[Problem to solve] Hunt through the lines below for the string "sides" and copy each one that has it.
Exercise input START
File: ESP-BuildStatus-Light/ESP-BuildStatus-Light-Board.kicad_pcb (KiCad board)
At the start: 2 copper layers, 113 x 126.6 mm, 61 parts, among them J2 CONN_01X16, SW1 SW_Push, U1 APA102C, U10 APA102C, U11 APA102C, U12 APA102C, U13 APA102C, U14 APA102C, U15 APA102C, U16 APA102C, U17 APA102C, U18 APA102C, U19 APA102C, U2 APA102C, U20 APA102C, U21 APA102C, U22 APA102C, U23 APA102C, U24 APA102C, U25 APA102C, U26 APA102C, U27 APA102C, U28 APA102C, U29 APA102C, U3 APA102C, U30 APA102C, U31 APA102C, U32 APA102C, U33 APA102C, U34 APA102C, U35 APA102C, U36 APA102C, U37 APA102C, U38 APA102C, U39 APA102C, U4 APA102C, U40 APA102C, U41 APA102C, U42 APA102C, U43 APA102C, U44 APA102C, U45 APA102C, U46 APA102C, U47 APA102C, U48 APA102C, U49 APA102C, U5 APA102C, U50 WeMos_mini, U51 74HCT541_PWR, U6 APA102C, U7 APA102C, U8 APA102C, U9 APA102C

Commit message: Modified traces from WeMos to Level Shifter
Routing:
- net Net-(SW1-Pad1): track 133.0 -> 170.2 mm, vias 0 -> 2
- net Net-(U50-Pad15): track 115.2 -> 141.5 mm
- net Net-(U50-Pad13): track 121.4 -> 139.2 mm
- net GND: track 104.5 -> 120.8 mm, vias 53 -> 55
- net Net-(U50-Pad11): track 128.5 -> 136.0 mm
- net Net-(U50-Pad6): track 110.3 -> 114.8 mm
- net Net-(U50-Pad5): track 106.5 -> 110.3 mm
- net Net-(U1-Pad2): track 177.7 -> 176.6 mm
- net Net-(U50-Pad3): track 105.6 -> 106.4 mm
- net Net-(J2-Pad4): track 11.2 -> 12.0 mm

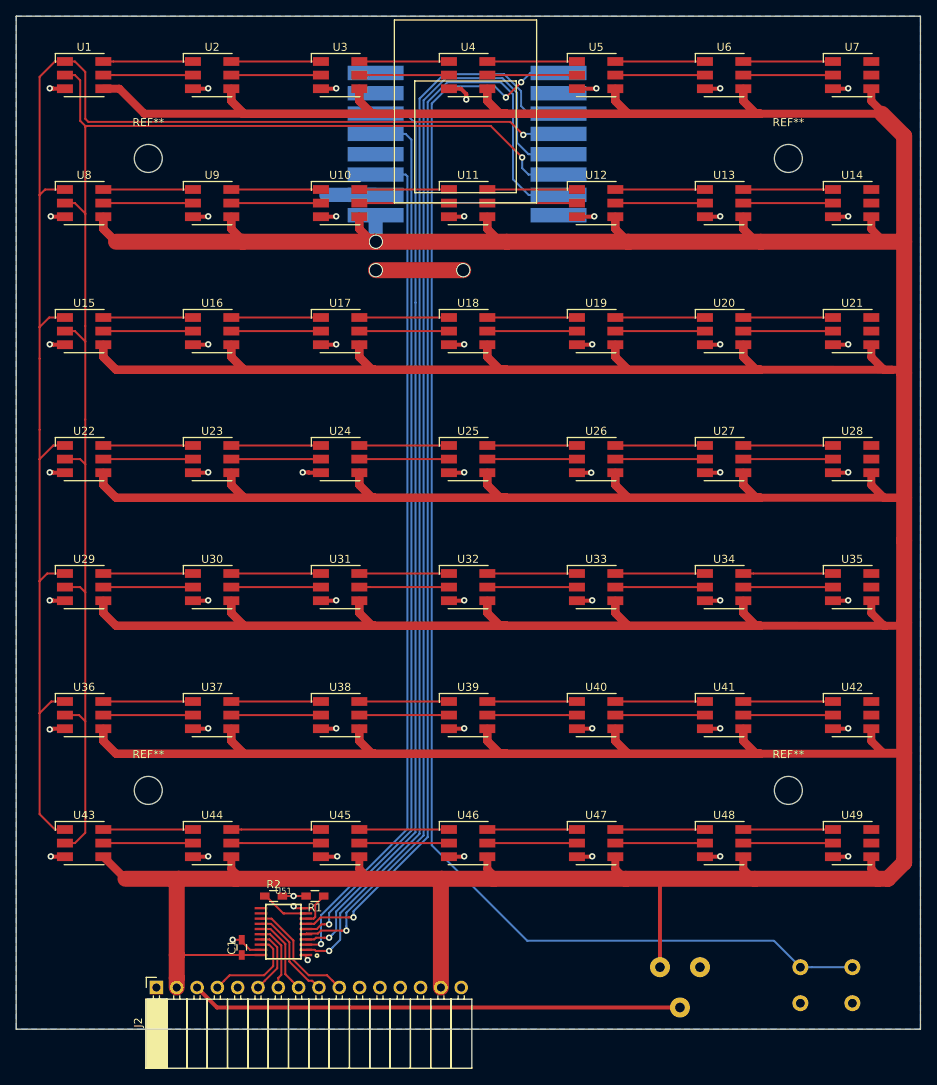
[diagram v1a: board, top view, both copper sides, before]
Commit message: Updated the traces between ESP and LCD for better grounding
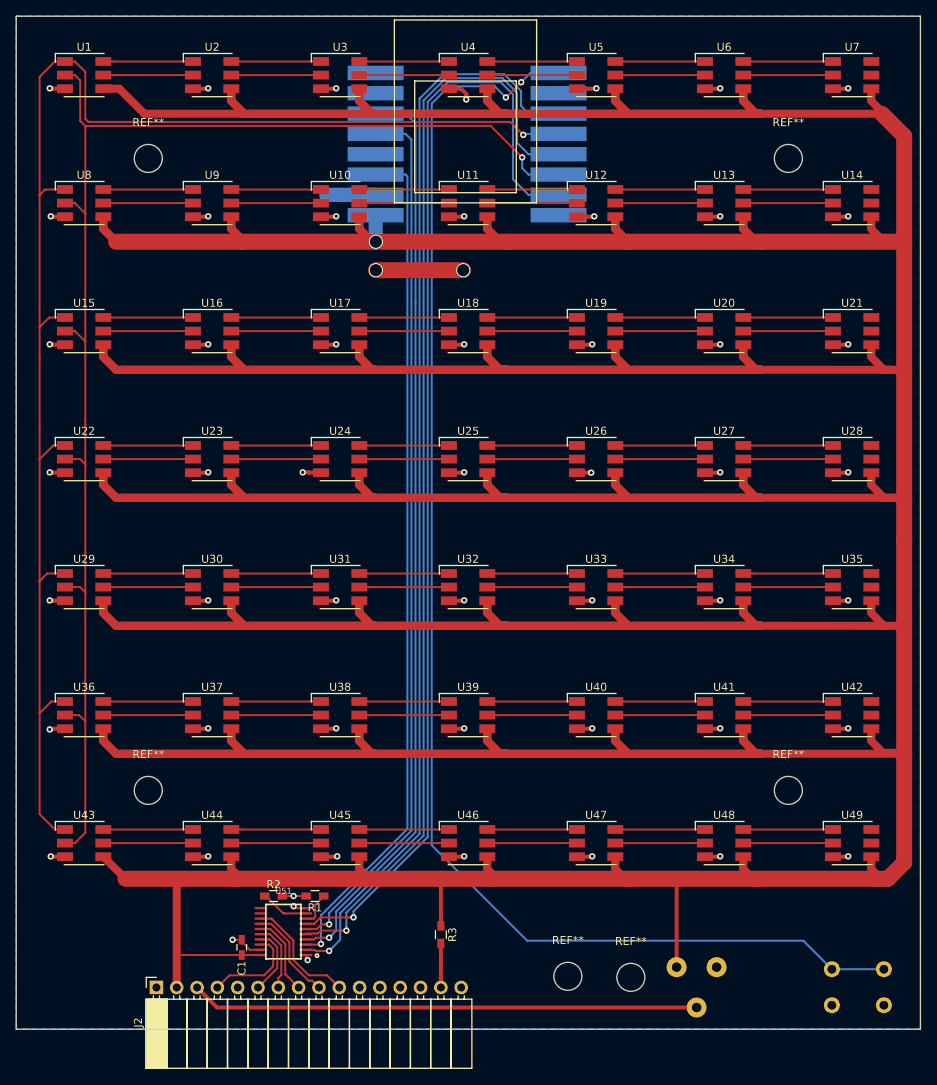
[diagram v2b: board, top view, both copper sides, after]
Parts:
- added R3: 1K, Resistors_SMD:R_0603_HandSoldering, F.Cu at (183.5, 133.1)
- added REF**: MountingHole_3.5mm, Mounting_Holes:MountingHole_3.5mm, F.Cu at (199.4, 138.3)
- added REF**: MountingHole_3.5mm, Mounting_Holes:MountingHole_3.5mm, F.Cu at (207.3, 138.4)
- moved SW1 3.95 mm to (238.9, 137.4)
- moved RV1 2.08 mm to (213.0, 137.2)
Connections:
- J2 pad 15: +5V -> Net-(J2-Pad15)
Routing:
- net +5V: track 1567.0 -> 1559.6 mm
- net Net-(J2-Pad15): track 0.00 -> 5.50 mm
- net Net-(SW1-Pad1): track 170.2 -> 174.2 mm
- net Net-(J2-Pad3): track 61.4 -> 63.5 mm
Exercise input END
[Exercise output]
[diagram v1a: board, top view, both copper sides, before]
[diagram v2b: board, top view, both copper sides, after]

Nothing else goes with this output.